# Klein Pulse: Help me fill in some gaps



## s4gobabygo (Sep 1, 2008)

i'm just about ready to start my winter project, and was hoping to get some ideas for parts i'm still missing. i'd love to come in under 19 lbs, but i'm not completely sure i'm on track.

*here's what i have:*
1997 klein pulse (trek) frame, 1310g
2006 rock shox sid race (rebuilding now, should weigh about 1300g wet)
ritchey wcs 4-axis stem - 124g
ritchey wcs carbon flat bar - 131g
ritchey wcs ergo grips (cut) - 22g
grip shift x-ray 8-speed shifters - 114g
xtr 950 rapid rise rear derailleur (tuned) - 194g
xtr 950 11-32 ti 8-speed cassette - 228g
xtr 950 hubs / mavic 217 cd / dt revolution - 1589g
schwalbe nobby nic 26x2.1 - 999g
kmc x9sl chain uncut, maybe 250g depending on length
selle italia slr fibra - 131g
ritchey wcs paradigm pedals - 242g

*and what i still need:*
1-1/8 headset
34.9 top pull front derailleur
rim brakes / levers
cables / housing
cranks / rings / bottom bracket
skewers
31.6 seatpost / 34.9 clamp


----------



## ranier (Sep 9, 2003)

Ditch the gears, rock the SS flag!

you're welcome!


----------



## Yogii (Jun 5, 2008)

Even if you are not at 19lbs getting lower will be $$. You have a nice list there already.


----------



## s4gobabygo (Sep 1, 2008)

ranier said:


> Ditch the gears, rock the SS flag!
> 
> you're welcome!


hah... it's time to rock the geared flag for me. i've been riding ss exclusively for over 5 years (not intentionally... i moved to a flatter area and haven't gotten around to rebuilding any of my geared bikes, so i've been riding the singlespeeds instead. yes, i've been THAT lazy)


----------



## bridgestone14 (Mar 22, 2005)

Well Avid Ti or Avid Mag levers and brakes. They are pretty light and are not too expensive. I have a set on my Attitude and they are pretty sweet, and you can get ti springs and bolts for them off of toronto cycles.. I have a set of ceramic rims which are awesome. The brakes aren't too hard to find, the ceramic rims seem to be hard to come by these days though. Post some pics when you have them.


----------



## bridgestone14 (Mar 22, 2005)

I ended up going with a thomson stem because I couldn't get a light stem that wasn't flexy. Nokon housing is my favorite. For a headset, Extralite, makes some crazy light headsets. Crankbrothers makes a pretty light headset too if you want to go less exotic.


----------



## 29or6to4 (Jun 26, 2007)

Just a nit picky FYI. Trek had nothing to do with Klein in 97'. Those were made by Gary K himself in WA. I had the same Pulse II. Miss that bike. 
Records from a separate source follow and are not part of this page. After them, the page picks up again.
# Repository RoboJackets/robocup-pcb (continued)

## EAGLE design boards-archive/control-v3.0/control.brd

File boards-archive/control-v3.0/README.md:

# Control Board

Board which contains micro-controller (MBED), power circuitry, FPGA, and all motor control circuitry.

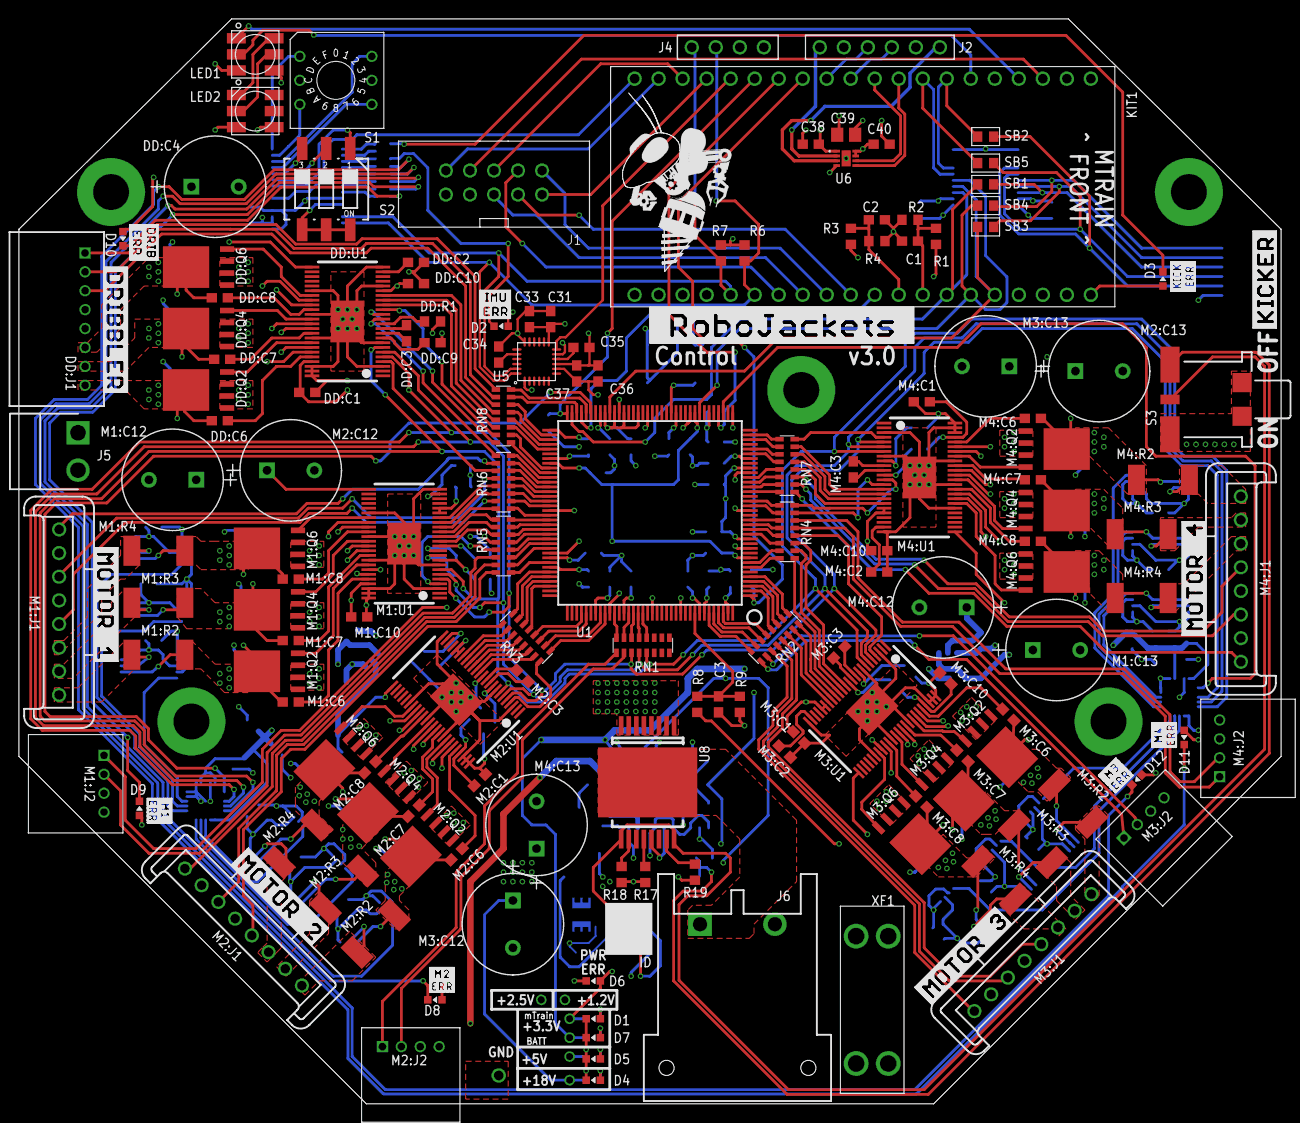
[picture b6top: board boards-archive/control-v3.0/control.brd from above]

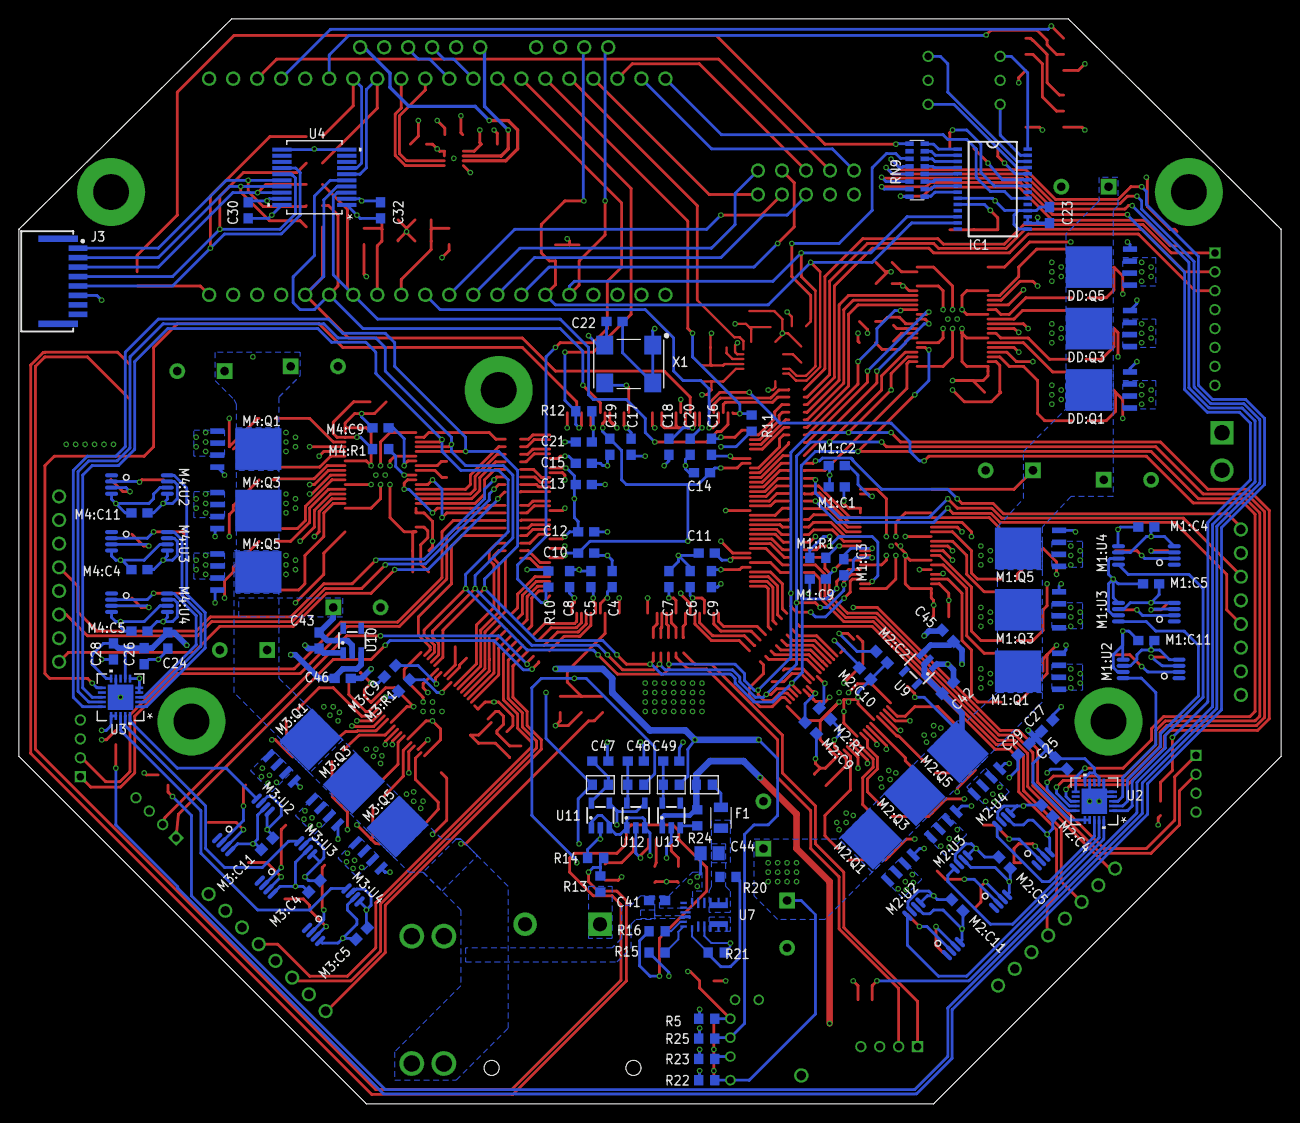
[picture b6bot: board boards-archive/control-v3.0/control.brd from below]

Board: 4 copper layers, 133.5 x 114.8 mm, 282 parts (121 on the bottom side), 327 nets.

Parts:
C1, C42, C43: 0.1uF 50V; C0603
C2, C3, C4, C5, C6, C7, C8, C9, C10, C11, C12, C13, C14, C15, C16, C17, C18, C19, C20, C21, C22, C23, C26, C27, C28, C29, C30, C32, C35, C38, C40: 0.1uF; C0603
C24, C25: 10uF; C0603
C31, C33, C37: 0.47uF; C0603
C34: 2200pF; C0603
C36: 10000pF; C0603
C39: 10uF; C0805
C41: GRM188R6YA106MA73D; C0603
C44: 22uF 16V; C0805
C45, C46, C47, C48, C49: 1uF; C0603
D1, D4, D5, D7: GREEN; CHIP-LED0603
D2, D3, D6, D8, D9, D10, D11, D12: RED; CHIP-LED0603
DD:C1, DD:C2: 1uF; C0603
DD:C3: 0.022uF 50V; C0603
DD:C4: ECA-1HHG221; CAP_PAN_10X12.5
DD:C6, DD:C7, DD:C8, DD:C10: 0.1uF 50V; C0603
DD:C9: 2.2uF 50V; C0603
DD:J1: 8-PIN_2MM-H; 2MM-8-H
DD:Q1, DD:Q2, DD:Q3, DD:Q4, DD:Q5, DD:Q6: IRFH7545; PQFN_5X6_E
DD:R1: 10k; R0603
DD:U1: DRV8303DCA; TSSOP-48_PAD
F1: 0805L200SLTHYR; FUSC2113X75
IC1: MCP23017-E/SS; SSOP-28
J1: SBH11-PBPC-D05-ST-BK; SBH11-*-D05-RA-VERT
J2: 6-PIN-HEADER
J3: HFW8R-1ST
J4: 4-PIN-HEADER
J5: B2PS-VH(LF)(SN); B2PS-CENTERED
J6: DF22-2; DF22-2-H
KIT1: MTRAIN; MTRAIN-KIT
LED1, LED2: APA102C-5050; APA102_5050
M1:C1, M1:C2, M2:C1, M2:C2, M3:C1, M3:C2, M4:C1, M4:C2: 1uF; C0603
M1:C3, M2:C3, M3:C3, M4:C3: 0.022uF 50V; C0603
M1:C4, M1:C5, M1:C11, M2:C4, M2:C5, M2:C11, M3:C4, M3:C5, M3:C11, M4:C4, M4:C5, M4:C11: 0.1uF; C0603
M1:C6, M1:C7, M1:C8, M1:C10, M2:C6, M2:C7, M2:C8, M2:C10, M3:C6, M3:C7, M3:C8, M3:C10, M4:C6, M4:C7, M4:C8, M4:C10: 0.1uF 50V; C0603
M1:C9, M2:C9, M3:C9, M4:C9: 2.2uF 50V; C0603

Also if you want to go nuts. Pull the BB and axle and replace with ceramic BB and titanium axle.


----------



## s4gobabygo (Sep 1, 2008)

it's not a pulse II (the version with internal cable routing... those stopped being made in 1996). this is a 1997 pulse race frame, which afaik had the rear triangle made by klein in wa, and a front triangle added on by trek.

http://www.mtb-kataloge.de/Bikekataloge/PDF/Klein/Klein1997.pdf

see page 12.

as far as the hubs and bottom bracket, the xtr 950 (1996) hubs i have already use ti axles, but i don't yet have a bb (still looking for a crank/bb setup... any suggestions?)


----------



## bridgestone14 (Mar 22, 2005)

I have the barely used xt 8speed crankset from my attitude if you want to go old school. PM if you are interested. If price is no option then I would go with a phil wood bottom bracket. Phil Wood & Co.
They also make a press in outboard bearing bottom bracket that will convert old klein's that have press in bottom brackets. What a cool company.


----------



## s4gobabygo (Sep 1, 2008)

bridgestone14 said:


> I have the barely used xt 8speed crankset from my attitude if you want to go old school. PM if you are interested. If price is no option then I would go with a phil wood bottom bracket. Phil Wood & Co.
> They also make a press in outboard bearing bottom bracket that will convert old klein's that have press in bottom brackets. What a cool company.


that's an interesting idea... i wouldnt mind giving a nod to the era of the bike, as long as it's not going to end up costing me substantial weight, and i do have a pair of xt 737 cranks on another bike, so i know theyre not too heavy...

145g - phil 108 ti bb (quoted from ww... WOULD THIS INCLUDE CUPS???)
481g - xt 737 crank arms only (actual weight)
91g - salsa 30t, shimano 42t & bolts (actual weight)
717g total

does that seem realistic?


----------



## s4gobabygo (Sep 1, 2008)

bridgestone14 said:


> I ended up going with a thomson stem because I couldn't get a light stem that wasn't flexy. Nokon housing is my favorite. For a headset, Extralite, makes some crazy light headsets. Crankbrothers makes a pretty light headset too if you want to go less exotic.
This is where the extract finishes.